-- Dataset excerpts follows --

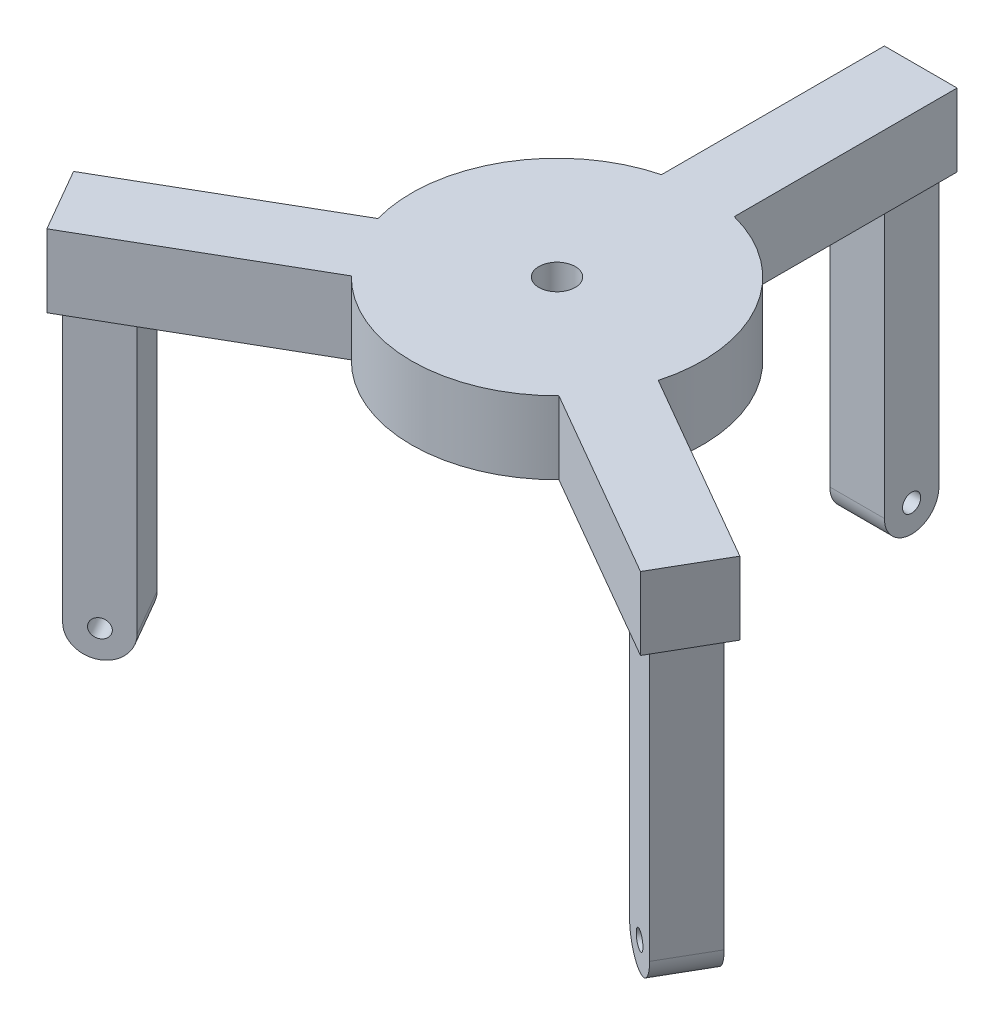
ISO-10303-21;
HEADER;
FILE_DESCRIPTION(('STEP AP214'),'2;1');
FILE_NAME('part.step','',(''),(''),'','','');
FILE_SCHEMA(('AUTOMOTIVE_DESIGN { 1 0 10303 214 1 1 1 1 }'));
ENDSEC;
DATA;
#1=APPLICATION_CONTEXT('core data for automotive mechanical design processes');
#2=APPLICATION_PROTOCOL_DEFINITION('international standard','automotive_design',2000,#1);
#3=PRODUCT_CONTEXT('',#1,'mechanical');
#4=PRODUCT('Part','Part','',(#3));
#5=PRODUCT_RELATED_PRODUCT_CATEGORY('part','',(#4));
#6=PRODUCT_DEFINITION_FORMATION('','',#4);
#7=PRODUCT_DEFINITION_CONTEXT('part definition',#1,'design');
#8=PRODUCT_DEFINITION('design','',#6,#7);
#9=PRODUCT_DEFINITION_SHAPE('','',#8);
#10=(LENGTH_UNIT() NAMED_UNIT(*) SI_UNIT(.MILLI.,.METRE.));
#11=(NAMED_UNIT(*) PLANE_ANGLE_UNIT() SI_UNIT($,.RADIAN.));
#12=(NAMED_UNIT(*) SI_UNIT($,.STERADIAN.) SOLID_ANGLE_UNIT());
#13=UNCERTAINTY_MEASURE_WITH_UNIT(LENGTH_MEASURE(1.E-05),#10,'distance_accuracy_value','');
#14=(GEOMETRIC_REPRESENTATION_CONTEXT(3) GLOBAL_UNCERTAINTY_ASSIGNED_CONTEXT((#13)) GLOBAL_UNIT_ASSIGNED_CONTEXT((#10,
#11,#12)) REPRESENTATION_CONTEXT('',''));
#15=CARTESIAN_POINT('',(0.,0.,0.));
#16=DIRECTION('',(0.,0.,1.));
#17=DIRECTION('',(1.,0.,0.));
#18=AXIS2_PLACEMENT_3D('',#15,#16,#17);
#19=CARTESIAN_POINT('',(0.,0.,0.));
#20=DIRECTION('',(0.,1.,0.));
#21=DIRECTION('',(0.,0.,1.));
#22=AXIS2_PLACEMENT_3D('',#19,#20,#21);
#23=PLANE('',#22);
#24=CARTESIAN_POINT('',(0.,0.,0.));
#25=DIRECTION('',(0.,1.,0.));
#26=DIRECTION('',(0.,0.,1.));
#27=AXIS2_PLACEMENT_3D('',#24,#25,#26);
#28=CIRCLE('',#27,10.);
#29=CARTESIAN_POINT('',(0.,0.,10.));
#30=VERTEX_POINT('',#29);
#31=EDGE_CURVE('E221',#30,#30,#28,.T.);
#32=ORIENTED_EDGE('',*,*,#31,.T.);
#33=EDGE_LOOP('',(#32));
#34=FACE_BOUND('',#33,.T.);
#35=DIRECTION('',(0.866025403784436,0.,0.500000000000004));
#36=VECTOR('',#35,1.);
#37=CARTESIAN_POINT('',(176.374953737965,0.,84.5096189432343));
#38=LINE('',#37,#36);
#39=CARTESIAN_POINT('',(150.394191624432,0.,69.5096189432342));
#40=VERTEX_POINT('',#39);
#41=CARTESIAN_POINT('',(176.374953737965,0.,84.5096189432343));
#42=VERTEX_POINT('',#41);
#43=EDGE_CURVE('E246',#40,#42,#38,.T.);
#44=ORIENTED_EDGE('',*,*,#43,.F.);
#45=DIRECTION('',(0.500000000000004,0.,-0.866025403784436));
#46=VECTOR('',#45,1.);
#47=CARTESIAN_POINT('',(135.394191624432,0.,95.4903810567672));
#48=LINE('',#47,#46);
#49=CARTESIAN_POINT('',(135.394191624432,0.,95.4903810567672));
#50=VERTEX_POINT('',#49);
#51=EDGE_CURVE('E251',#50,#40,#48,.T.);
#52=ORIENTED_EDGE('',*,*,#51,.F.);
#53=DIRECTION('',(-0.866025403784436,0.,-0.500000000000004));
#54=VECTOR('',#53,1.);
#55=CARTESIAN_POINT('',(161.374953737965,0.,110.490381056767));
#56=LINE('',#55,#54);
#57=CARTESIAN_POINT('',(161.374953737965,0.,110.490381056767));
#58=VERTEX_POINT('',#57);
#59=EDGE_CURVE('E260',#58,#50,#56,.T.);
#60=ORIENTED_EDGE('',*,*,#59,.F.);
#61=DIRECTION('',(-0.500000000000004,0.,0.866025403784436));
#62=VECTOR('',#61,1.);
#63=CARTESIAN_POINT('',(161.374953737965,0.,110.490381056767));
#64=LINE('',#63,#62);
#65=EDGE_CURVE('E257',#42,#58,#64,.T.);
#66=ORIENTED_EDGE('',*,*,#65,.F.);
#67=EDGE_LOOP('',(#44,#52,#60,#66));
#68=FACE_BOUND('',#67,.T.);
#69=CARTESIAN_POINT('',(0.,0.,0.));
#70=DIRECTION('',(0.,1.,0.));
#71=DIRECTION('',(0.,0.,1.));
#72=AXIS2_PLACEMENT_3D('',#69,#70,#71);
#73=CIRCLE('',#72,80.);
#74=CARTESIAN_POINT('',(-57.0820393249942,0.,56.0503415377624));
#75=VERTEX_POINT('',#74);
#76=CARTESIAN_POINT('',(57.0820393249934,0.,56.0503415377632));
#77=VERTEX_POINT('',#76);
#78=EDGE_CURVE('E318',#75,#77,#73,.T.);
#79=ORIENTED_EDGE('',*,*,#78,.F.);
#80=DIRECTION('',(0.866025403784443,0.,-0.499999999999992));
#81=VECTOR('',#80,1.);
#82=CARTESIAN_POINT('',(9.99999999999983,0.,17.3205080756888));
#83=LINE('',#82,#81);
#84=CARTESIAN_POINT('',(-163.205080756889,0.,117.320508075687));
#85=VERTEX_POINT('',#84);
#86=EDGE_CURVE('E322',#85,#75,#83,.T.);
#87=ORIENTED_EDGE('',*,*,#86,.F.);
#88=DIRECTION('',(0.499999999999992,0.,0.866025403784443));
#89=VECTOR('',#88,1.);
#90=CARTESIAN_POINT('',(-173.205080756889,0.,99.9999999999984));
#91=LINE('',#90,#89);
#92=CARTESIAN_POINT('',(-183.205080756889,0.,82.6794919243095));
#93=VERTEX_POINT('',#92);
#94=EDGE_CURVE('E367',#93,#85,#91,.T.);
#95=ORIENTED_EDGE('',*,*,#94,.F.);
#96=DIRECTION('',(0.866025403784443,0.,-0.499999999999992));
#97=VECTOR('',#96,1.);
#98=CARTESIAN_POINT('',(-9.99999999999983,0.,-17.3205080756889));
#99=LINE('',#98,#97);
#100=CARTESIAN_POINT('',(-77.0820393249939,0.,21.4093253863847));
#101=VERTEX_POINT('',#100);
#102=EDGE_CURVE('E364',#93,#101,#99,.T.);
#103=ORIENTED_EDGE('',*,*,#102,.T.);
#104=CARTESIAN_POINT('',(-20.,0.,-77.4596669241483));
#105=VERTEX_POINT('',#104);
#106=EDGE_CURVE('E349',#105,#101,#73,.T.);
#107=ORIENTED_EDGE('',*,*,#106,.F.);
#108=DIRECTION('',(0.,0.,1.));
#109=VECTOR('',#108,1.);
#110=CARTESIAN_POINT('',(-20.,0.,0.));
#111=LINE('',#110,#109);
#112=CARTESIAN_POINT('',(-20.,0.,-200.));
#113=VERTEX_POINT('',#112);
#114=EDGE_CURVE('E362',#113,#105,#111,.T.);
#115=ORIENTED_EDGE('',*,*,#114,.F.);
#116=DIRECTION('',(-1.,0.,0.));
#117=VECTOR('',#116,1.);
#118=CARTESIAN_POINT('',(0.,0.,-200.));
#119=LINE('',#118,#117);
#120=CARTESIAN_POINT('',(20.,0.,-200.));
#121=VERTEX_POINT('',#120);
#122=EDGE_CURVE('E360',#121,#113,#119,.T.);
#123=ORIENTED_EDGE('',*,*,#122,.F.);
#124=DIRECTION('',(0.,0.,1.));
#125=VECTOR('',#124,1.);
#126=CARTESIAN_POINT('',(20.,0.,0.));
#127=LINE('',#126,#125);
#128=CARTESIAN_POINT('',(20.,0.,-77.4596669241483));
#129=VERTEX_POINT('',#128);
#130=EDGE_CURVE('E357',#121,#129,#127,.T.);
#131=ORIENTED_EDGE('',*,*,#130,.T.);
#132=CARTESIAN_POINT('',(77.0820393249936,0.,21.4093253863857));
#133=VERTEX_POINT('',#132);
#134=EDGE_CURVE('E350',#133,#129,#73,.T.);
#135=ORIENTED_EDGE('',*,*,#134,.F.);
#136=DIRECTION('',(-0.866025403784436,0.,-0.500000000000004));
#137=VECTOR('',#136,1.);
#138=CARTESIAN_POINT('',(10.0000000000001,0.,-17.3205080756887));
#139=LINE('',#138,#137);
#140=CARTESIAN_POINT('',(183.205080756887,0.,82.6794919243121));
#141=VERTEX_POINT('',#140);
#142=EDGE_CURVE('E355',#141,#133,#139,.T.);
#143=ORIENTED_EDGE('',*,*,#142,.F.);
#144=DIRECTION('',(0.500000000000004,0.,-0.866025403784436));
#145=VECTOR('',#144,1.);
#146=CARTESIAN_POINT('',(173.205080756887,0.,100.000000000001));
#147=LINE('',#146,#145);
#148=CARTESIAN_POINT('',(163.205080756887,0.,117.32050807569));
#149=VERTEX_POINT('',#148);
#150=EDGE_CURVE('E353',#149,#141,#147,.T.);
#151=ORIENTED_EDGE('',*,*,#150,.F.);
#152=DIRECTION('',(-0.866025403784436,0.,-0.500000000000004));
#153=VECTOR('',#152,1.);
#154=CARTESIAN_POINT('',(-10.0000000000001,0.,17.3205080756887));
#155=LINE('',#154,#153);
#156=EDGE_CURVE('E348',#149,#77,#155,.T.);
#157=ORIENTED_EDGE('',*,*,#156,.T.);
#158=EDGE_LOOP('',(#79,#87,#95,#103,#107,#115,#123,#131,#135,#143,#151,#157));
#159=FACE_BOUND('',#158,.T.);
#160=DIRECTION('',(0.,0.,-1.));
#161=VECTOR('',#160,1.);
#162=CARTESIAN_POINT('',(-15.,0.,-195.));
#163=LINE('',#162,#161);
#164=CARTESIAN_POINT('',(-15.,0.,-165.));
#165=VERTEX_POINT('',#164);
#166=CARTESIAN_POINT('',(-15.,0.,-195.));
#167=VERTEX_POINT('',#166);
#168=EDGE_CURVE('E286',#165,#167,#163,.T.);
#169=ORIENTED_EDGE('',*,*,#168,.F.);
#170=DIRECTION('',(-1.,0.,0.));
#171=VECTOR('',#170,1.);
#172=CARTESIAN_POINT('',(15.,0.,-165.));
#173=LINE('',#172,#171);
#174=CARTESIAN_POINT('',(15.,0.,-165.));
#175=VERTEX_POINT('',#174);
#176=EDGE_CURVE('E293',#175,#165,#173,.T.);
#177=ORIENTED_EDGE('',*,*,#176,.F.);
#178=DIRECTION('',(0.,0.,1.));
#179=VECTOR('',#178,1.);
#180=CARTESIAN_POINT('',(15.,0.,-195.));
#181=LINE('',#180,#179);
#182=CARTESIAN_POINT('',(15.,0.,-195.));
#183=VERTEX_POINT('',#182);
#184=EDGE_CURVE('E302',#183,#175,#181,.T.);
#185=ORIENTED_EDGE('',*,*,#184,.F.);
#186=DIRECTION('',(1.,0.,0.));
#187=VECTOR('',#186,1.);
#188=CARTESIAN_POINT('',(15.,0.,-195.));
#189=LINE('',#188,#187);
#190=EDGE_CURVE('E299',#167,#183,#189,.T.);
#191=ORIENTED_EDGE('',*,*,#190,.F.);
#192=EDGE_LOOP('',(#169,#177,#185,#191));
#193=FACE_BOUND('',#192,.T.);
#194=DIRECTION('',(-0.866025403784443,0.,0.499999999999992));
#195=VECTOR('',#194,1.);
#196=CARTESIAN_POINT('',(-161.374953737967,0.,110.490381056765));
#197=LINE('',#196,#195);
#198=CARTESIAN_POINT('',(-135.394191624433,0.,95.4903810567653));
#199=VERTEX_POINT('',#198);
#200=CARTESIAN_POINT('',(-161.374953737967,0.,110.490381056765));
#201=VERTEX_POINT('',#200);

-- Dataset excerpts concluded --

## Requirement:
Begin with the line that has "#186=DIRECTION('',(1.,0.,0.));" in the listing above and end after the line that has "#194=DIRECTION('',(-0.866025403784443,0.,0.499999999999992));"; output those lines exactly.

## Answer to this task:
#186=DIRECTION('',(1.,0.,0.));
#187=VECTOR('',#186,1.);
#188=CARTESIAN_POINT('',(15.,0.,-195.));
#189=LINE('',#188,#187);
#190=EDGE_CURVE('E299',#167,#183,#189,.T.);
#191=ORIENTED_EDGE('',*,*,#190,.F.);
#192=EDGE_LOOP('',(#169,#177,#185,#191));
#193=FACE_BOUND('',#192,.T.);
#194=DIRECTION('',(-0.866025403784443,0.,0.499999999999992));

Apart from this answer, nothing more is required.